**Records for processing:**

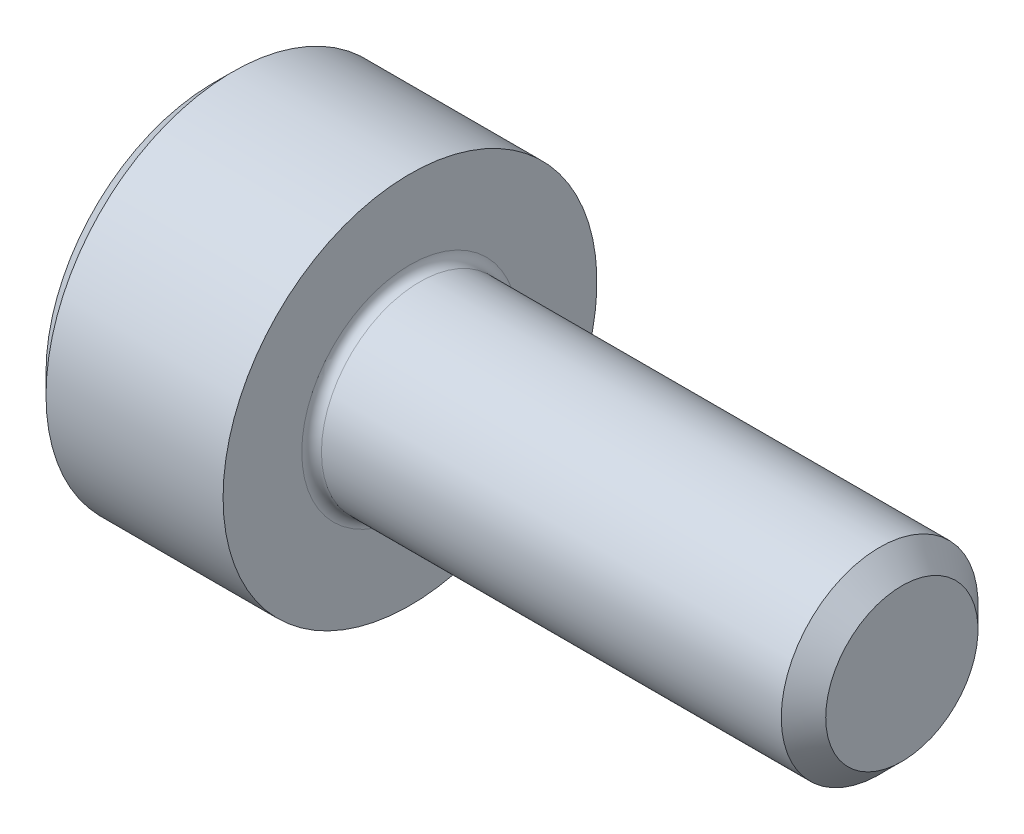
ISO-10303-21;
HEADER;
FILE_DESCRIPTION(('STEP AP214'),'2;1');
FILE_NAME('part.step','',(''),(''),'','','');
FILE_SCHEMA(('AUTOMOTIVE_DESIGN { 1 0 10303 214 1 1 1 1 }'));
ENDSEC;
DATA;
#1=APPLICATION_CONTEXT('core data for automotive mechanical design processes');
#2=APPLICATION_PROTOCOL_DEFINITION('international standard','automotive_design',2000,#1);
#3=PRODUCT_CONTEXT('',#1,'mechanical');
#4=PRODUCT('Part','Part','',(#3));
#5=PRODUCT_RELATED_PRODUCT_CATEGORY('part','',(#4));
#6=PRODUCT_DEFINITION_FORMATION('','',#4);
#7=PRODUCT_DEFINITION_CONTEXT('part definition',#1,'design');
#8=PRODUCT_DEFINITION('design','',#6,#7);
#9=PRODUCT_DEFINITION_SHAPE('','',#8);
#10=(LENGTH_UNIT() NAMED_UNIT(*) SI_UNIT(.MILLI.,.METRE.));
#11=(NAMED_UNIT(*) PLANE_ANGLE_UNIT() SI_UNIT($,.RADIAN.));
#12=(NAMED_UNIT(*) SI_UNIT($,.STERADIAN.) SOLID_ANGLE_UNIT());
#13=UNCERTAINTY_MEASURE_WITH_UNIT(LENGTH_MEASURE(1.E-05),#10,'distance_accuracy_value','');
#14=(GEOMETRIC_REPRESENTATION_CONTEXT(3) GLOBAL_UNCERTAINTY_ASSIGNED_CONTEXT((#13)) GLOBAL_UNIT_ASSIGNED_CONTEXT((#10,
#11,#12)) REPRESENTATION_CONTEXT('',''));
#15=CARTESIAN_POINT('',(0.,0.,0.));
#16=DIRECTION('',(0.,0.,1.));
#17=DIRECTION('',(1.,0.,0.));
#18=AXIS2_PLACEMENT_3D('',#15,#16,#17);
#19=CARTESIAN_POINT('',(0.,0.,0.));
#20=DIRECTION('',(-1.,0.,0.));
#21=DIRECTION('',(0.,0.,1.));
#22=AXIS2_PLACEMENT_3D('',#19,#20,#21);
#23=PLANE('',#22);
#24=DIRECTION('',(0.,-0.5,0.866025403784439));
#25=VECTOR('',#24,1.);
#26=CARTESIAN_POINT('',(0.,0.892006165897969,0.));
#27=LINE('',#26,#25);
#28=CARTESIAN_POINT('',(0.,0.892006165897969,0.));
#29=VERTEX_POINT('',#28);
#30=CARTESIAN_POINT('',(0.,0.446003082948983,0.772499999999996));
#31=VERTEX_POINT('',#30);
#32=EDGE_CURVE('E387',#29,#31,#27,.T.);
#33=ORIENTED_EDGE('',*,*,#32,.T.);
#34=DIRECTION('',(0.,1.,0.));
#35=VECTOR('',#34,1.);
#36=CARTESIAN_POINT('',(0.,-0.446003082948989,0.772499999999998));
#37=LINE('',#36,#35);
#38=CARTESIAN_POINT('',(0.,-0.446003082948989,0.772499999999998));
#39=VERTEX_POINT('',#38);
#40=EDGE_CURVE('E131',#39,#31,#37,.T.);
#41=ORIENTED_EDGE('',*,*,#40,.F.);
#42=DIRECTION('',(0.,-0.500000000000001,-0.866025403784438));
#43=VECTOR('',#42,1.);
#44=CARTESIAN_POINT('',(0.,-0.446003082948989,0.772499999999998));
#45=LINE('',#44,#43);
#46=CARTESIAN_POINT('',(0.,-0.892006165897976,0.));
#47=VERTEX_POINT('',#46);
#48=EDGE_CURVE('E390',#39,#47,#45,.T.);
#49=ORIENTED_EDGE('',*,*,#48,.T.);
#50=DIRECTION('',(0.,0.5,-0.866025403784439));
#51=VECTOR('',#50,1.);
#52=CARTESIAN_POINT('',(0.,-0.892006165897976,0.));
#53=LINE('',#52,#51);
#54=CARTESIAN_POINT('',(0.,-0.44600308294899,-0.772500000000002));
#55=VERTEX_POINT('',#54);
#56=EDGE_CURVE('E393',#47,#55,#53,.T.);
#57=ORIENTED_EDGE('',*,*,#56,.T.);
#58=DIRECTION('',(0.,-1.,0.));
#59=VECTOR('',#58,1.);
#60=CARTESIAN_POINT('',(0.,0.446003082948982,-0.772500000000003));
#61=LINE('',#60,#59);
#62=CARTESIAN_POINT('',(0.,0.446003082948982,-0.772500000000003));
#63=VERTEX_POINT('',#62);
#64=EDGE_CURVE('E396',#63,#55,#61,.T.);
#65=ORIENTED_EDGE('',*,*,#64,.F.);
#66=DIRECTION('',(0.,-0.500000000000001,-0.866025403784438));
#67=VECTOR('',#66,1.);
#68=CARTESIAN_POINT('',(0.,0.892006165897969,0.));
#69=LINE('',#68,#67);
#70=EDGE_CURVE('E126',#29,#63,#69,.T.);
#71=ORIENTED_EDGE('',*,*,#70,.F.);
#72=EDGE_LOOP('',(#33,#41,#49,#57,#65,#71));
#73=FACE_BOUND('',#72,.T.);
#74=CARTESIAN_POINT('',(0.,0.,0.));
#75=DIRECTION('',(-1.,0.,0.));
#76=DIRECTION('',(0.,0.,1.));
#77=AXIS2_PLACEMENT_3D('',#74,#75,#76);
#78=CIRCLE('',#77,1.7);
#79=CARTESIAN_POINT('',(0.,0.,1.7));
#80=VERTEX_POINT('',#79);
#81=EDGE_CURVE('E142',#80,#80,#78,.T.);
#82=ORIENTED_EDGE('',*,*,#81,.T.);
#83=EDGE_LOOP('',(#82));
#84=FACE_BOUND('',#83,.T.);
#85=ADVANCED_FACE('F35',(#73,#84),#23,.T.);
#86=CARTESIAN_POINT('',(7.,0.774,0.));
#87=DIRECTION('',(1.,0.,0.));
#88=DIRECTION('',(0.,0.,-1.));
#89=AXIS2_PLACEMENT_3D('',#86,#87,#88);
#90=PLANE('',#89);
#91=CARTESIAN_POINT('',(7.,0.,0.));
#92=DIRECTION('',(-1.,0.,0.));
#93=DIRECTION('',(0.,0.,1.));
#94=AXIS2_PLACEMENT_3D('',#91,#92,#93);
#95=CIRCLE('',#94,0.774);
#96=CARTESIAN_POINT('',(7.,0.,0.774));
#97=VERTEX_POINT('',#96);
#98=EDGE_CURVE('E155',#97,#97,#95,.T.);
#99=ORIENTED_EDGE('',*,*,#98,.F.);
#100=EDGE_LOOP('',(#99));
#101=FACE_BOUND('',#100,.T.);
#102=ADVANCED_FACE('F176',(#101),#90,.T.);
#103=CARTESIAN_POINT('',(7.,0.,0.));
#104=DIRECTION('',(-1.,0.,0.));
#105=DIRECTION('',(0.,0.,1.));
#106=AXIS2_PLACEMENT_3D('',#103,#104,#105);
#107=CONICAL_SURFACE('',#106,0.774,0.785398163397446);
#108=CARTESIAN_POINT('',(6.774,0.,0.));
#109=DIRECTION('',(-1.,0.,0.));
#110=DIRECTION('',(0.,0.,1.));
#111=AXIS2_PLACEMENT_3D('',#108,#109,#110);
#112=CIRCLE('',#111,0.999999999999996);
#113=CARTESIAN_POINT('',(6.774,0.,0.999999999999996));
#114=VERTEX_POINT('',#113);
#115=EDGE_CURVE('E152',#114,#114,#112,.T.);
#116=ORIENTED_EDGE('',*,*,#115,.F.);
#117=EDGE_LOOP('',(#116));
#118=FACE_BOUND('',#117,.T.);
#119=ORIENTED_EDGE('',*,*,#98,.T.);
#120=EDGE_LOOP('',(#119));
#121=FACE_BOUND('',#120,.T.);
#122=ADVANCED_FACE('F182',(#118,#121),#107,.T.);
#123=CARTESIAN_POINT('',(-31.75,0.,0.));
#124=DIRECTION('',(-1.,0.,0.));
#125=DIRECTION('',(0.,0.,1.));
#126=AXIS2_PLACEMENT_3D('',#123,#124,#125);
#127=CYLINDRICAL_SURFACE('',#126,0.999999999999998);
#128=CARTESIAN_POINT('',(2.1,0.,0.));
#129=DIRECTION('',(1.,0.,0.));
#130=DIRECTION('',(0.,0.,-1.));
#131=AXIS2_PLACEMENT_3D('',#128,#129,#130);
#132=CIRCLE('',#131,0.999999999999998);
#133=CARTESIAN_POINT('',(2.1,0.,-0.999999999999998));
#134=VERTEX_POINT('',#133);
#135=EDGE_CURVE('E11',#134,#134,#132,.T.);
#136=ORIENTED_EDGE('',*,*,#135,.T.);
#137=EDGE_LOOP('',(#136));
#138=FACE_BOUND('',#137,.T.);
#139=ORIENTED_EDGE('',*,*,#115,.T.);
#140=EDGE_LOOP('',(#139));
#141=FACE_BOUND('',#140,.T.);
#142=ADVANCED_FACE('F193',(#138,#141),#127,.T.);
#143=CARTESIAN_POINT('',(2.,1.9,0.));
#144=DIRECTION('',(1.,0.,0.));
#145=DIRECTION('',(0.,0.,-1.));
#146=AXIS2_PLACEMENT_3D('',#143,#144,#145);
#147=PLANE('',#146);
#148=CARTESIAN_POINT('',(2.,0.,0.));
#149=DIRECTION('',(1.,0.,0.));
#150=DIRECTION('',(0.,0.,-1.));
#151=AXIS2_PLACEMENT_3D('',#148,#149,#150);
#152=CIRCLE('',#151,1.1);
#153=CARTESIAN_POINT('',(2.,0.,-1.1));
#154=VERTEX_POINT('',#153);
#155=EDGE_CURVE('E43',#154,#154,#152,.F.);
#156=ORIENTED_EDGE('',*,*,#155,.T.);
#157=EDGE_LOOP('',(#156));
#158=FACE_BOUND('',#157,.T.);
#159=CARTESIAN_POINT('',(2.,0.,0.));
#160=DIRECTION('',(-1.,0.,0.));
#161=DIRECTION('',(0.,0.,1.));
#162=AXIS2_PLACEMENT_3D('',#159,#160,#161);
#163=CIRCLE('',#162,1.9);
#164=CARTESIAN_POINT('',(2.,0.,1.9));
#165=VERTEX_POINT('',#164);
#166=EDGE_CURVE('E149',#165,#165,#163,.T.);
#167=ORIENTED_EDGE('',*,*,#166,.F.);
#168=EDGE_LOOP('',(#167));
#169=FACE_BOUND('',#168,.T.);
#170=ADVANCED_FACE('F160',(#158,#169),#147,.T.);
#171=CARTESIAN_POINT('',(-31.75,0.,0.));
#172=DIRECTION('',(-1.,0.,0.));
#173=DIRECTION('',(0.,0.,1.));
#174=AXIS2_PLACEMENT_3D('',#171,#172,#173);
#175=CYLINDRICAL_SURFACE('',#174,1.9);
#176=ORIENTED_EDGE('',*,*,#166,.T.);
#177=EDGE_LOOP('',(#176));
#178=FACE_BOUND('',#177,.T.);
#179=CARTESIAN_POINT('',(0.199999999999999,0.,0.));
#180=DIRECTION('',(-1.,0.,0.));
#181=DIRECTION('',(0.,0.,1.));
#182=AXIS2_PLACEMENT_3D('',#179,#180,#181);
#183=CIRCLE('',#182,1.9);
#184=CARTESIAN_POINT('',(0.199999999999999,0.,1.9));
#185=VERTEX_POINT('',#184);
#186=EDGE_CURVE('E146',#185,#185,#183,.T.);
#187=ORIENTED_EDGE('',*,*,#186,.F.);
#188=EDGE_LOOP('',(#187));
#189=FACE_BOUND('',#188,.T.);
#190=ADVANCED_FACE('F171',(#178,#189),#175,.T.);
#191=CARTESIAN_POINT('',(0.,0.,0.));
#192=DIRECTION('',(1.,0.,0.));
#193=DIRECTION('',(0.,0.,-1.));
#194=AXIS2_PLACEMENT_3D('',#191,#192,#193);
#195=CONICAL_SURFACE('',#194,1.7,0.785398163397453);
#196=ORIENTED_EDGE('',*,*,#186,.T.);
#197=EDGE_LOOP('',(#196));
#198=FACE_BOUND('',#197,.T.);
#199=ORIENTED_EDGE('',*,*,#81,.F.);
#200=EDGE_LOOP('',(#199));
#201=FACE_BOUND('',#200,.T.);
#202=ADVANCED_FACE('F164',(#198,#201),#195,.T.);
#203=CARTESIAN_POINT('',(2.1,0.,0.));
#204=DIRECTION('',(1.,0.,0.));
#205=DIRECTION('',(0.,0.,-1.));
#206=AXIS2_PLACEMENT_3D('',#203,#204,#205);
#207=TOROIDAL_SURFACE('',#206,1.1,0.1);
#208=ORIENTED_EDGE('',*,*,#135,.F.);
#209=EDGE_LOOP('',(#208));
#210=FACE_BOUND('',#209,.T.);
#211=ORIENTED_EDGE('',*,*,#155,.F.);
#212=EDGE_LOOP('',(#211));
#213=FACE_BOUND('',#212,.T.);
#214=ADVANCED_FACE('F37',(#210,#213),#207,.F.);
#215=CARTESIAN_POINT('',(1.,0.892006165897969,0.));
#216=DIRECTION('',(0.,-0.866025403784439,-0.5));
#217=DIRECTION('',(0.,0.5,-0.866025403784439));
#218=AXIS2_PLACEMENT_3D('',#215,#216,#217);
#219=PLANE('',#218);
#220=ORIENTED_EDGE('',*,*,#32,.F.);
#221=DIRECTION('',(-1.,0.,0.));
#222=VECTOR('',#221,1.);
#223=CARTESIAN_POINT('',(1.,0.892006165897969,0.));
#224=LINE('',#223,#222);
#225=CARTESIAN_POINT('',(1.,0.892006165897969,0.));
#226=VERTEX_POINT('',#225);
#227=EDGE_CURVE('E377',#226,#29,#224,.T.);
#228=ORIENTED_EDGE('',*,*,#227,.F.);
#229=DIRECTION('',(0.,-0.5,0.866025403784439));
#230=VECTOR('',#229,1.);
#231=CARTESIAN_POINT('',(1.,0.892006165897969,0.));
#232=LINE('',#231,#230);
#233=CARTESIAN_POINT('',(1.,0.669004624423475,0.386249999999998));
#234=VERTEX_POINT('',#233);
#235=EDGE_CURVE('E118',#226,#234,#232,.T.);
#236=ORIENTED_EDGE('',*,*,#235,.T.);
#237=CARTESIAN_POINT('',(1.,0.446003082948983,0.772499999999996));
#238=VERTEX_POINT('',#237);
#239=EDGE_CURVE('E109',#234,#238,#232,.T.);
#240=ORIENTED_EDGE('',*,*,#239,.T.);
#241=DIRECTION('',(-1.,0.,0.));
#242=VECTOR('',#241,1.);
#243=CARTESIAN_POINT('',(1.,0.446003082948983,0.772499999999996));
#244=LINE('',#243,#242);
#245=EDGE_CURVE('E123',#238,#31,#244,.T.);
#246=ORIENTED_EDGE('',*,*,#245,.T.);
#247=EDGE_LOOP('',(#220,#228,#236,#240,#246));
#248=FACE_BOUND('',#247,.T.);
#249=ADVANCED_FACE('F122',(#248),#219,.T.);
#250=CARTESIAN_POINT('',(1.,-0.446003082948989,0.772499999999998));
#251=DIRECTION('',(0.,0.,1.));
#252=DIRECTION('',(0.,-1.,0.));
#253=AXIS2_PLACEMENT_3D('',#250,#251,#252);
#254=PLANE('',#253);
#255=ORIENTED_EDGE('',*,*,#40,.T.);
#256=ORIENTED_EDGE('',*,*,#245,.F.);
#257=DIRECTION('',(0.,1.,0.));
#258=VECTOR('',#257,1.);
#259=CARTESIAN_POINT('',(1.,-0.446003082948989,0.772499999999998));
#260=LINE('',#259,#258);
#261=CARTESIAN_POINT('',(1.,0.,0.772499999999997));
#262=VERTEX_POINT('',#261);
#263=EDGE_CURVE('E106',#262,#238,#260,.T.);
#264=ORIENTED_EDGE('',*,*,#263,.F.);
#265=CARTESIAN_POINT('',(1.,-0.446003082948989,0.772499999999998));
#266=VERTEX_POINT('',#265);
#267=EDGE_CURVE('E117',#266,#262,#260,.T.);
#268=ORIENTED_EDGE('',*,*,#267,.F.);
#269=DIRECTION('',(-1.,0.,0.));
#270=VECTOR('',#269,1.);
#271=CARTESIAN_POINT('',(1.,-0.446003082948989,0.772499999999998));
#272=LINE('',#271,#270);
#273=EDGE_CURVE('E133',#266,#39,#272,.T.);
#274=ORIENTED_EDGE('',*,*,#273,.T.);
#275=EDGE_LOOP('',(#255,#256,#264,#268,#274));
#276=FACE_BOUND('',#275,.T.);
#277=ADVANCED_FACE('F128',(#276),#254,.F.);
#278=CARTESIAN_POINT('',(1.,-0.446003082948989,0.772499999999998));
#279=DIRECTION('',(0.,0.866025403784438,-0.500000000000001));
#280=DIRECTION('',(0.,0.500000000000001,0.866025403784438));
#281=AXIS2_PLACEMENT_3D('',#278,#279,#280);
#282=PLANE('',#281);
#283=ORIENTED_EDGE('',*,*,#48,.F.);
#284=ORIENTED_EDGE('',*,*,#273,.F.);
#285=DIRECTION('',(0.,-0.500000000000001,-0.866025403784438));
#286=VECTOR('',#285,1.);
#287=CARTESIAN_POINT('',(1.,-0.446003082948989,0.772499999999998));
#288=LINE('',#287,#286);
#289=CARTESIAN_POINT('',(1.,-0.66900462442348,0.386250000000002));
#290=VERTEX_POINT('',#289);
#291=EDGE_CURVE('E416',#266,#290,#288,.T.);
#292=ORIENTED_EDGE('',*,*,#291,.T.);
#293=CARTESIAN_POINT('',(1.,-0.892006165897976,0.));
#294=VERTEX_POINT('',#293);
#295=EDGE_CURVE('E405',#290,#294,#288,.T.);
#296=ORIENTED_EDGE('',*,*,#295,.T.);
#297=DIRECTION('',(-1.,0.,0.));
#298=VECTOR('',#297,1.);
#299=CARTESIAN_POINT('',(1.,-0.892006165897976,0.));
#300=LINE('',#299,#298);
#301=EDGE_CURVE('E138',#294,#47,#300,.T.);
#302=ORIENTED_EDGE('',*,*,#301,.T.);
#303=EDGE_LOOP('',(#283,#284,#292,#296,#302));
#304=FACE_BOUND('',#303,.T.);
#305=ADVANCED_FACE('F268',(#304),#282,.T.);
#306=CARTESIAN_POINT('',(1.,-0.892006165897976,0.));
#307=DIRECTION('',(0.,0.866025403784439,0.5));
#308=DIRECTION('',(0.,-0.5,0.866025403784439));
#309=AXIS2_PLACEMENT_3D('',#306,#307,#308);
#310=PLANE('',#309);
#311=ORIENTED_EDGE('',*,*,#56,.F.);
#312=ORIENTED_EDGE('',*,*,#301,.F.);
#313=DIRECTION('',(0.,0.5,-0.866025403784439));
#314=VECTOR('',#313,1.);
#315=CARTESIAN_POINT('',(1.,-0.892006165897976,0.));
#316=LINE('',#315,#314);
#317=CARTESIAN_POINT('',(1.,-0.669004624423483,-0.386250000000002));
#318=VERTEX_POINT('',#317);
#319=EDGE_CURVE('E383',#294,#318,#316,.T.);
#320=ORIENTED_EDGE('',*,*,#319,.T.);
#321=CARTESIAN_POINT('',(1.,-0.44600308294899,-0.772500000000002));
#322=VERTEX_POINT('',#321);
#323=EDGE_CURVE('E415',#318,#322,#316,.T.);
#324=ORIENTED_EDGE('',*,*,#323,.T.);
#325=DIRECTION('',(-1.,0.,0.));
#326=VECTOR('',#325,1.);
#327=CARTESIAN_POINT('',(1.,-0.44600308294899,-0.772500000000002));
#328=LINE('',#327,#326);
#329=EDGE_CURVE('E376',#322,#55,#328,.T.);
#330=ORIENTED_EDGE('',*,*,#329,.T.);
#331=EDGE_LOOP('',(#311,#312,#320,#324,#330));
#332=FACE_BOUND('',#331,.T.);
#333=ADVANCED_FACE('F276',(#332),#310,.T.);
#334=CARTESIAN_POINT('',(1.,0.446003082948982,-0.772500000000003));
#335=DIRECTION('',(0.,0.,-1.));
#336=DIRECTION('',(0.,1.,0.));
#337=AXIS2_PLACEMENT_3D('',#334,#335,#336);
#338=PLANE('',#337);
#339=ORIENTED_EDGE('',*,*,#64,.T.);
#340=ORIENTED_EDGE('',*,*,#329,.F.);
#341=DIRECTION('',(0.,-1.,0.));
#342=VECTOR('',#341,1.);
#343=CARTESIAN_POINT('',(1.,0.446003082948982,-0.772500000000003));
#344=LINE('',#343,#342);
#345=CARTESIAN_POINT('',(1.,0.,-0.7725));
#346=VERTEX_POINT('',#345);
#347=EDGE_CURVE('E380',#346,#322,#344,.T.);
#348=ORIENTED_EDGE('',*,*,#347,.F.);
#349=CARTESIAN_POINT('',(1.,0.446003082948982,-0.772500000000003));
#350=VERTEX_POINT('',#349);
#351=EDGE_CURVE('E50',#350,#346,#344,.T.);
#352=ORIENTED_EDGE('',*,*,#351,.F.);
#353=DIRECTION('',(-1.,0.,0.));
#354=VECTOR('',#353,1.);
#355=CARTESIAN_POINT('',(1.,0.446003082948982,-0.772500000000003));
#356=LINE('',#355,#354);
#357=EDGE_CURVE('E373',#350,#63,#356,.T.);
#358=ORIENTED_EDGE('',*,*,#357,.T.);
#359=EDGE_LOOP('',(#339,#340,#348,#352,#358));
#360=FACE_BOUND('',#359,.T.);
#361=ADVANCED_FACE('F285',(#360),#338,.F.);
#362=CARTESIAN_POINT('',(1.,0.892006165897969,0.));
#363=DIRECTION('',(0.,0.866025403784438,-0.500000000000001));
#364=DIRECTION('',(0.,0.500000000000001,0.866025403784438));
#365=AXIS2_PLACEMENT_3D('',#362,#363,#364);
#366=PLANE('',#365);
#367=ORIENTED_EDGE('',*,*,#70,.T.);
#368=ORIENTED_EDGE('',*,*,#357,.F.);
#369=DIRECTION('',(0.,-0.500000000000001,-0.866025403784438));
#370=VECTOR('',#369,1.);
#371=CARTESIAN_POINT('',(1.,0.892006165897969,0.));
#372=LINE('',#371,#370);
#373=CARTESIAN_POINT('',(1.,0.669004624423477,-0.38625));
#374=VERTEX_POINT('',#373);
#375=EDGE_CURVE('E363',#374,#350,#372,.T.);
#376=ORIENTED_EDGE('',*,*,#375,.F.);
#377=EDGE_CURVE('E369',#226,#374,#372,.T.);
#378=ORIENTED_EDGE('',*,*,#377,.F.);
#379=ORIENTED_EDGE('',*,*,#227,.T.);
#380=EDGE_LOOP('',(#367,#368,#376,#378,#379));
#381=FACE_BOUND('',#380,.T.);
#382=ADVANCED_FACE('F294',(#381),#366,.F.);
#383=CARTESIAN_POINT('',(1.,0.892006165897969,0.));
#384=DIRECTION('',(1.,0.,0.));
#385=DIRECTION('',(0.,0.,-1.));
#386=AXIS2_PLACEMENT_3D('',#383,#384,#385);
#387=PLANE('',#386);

**Aim of the task:** Scan the lines above for "#135=EDGE_CURVE('E11',#134,#134,#132,.T.);" and for "#144=DIRECTION('',(1.,0.,0.));". Repeat exactly the line holding each of them and every line in between.

**Solved problem:**
#135=EDGE_CURVE('E11',#134,#134,#132,.T.);
#136=ORIENTED_EDGE('',*,*,#135,.T.);
#137=EDGE_LOOP('',(#136));
#138=FACE_BOUND('',#137,.T.);
#139=ORIENTED_EDGE('',*,*,#115,.T.);
#140=EDGE_LOOP('',(#139));
#141=FACE_BOUND('',#140,.T.);
#142=ADVANCED_FACE('F193',(#138,#141),#127,.T.);
#143=CARTESIAN_POINT('',(2.,1.9,0.));
#144=DIRECTION('',(1.,0.,0.));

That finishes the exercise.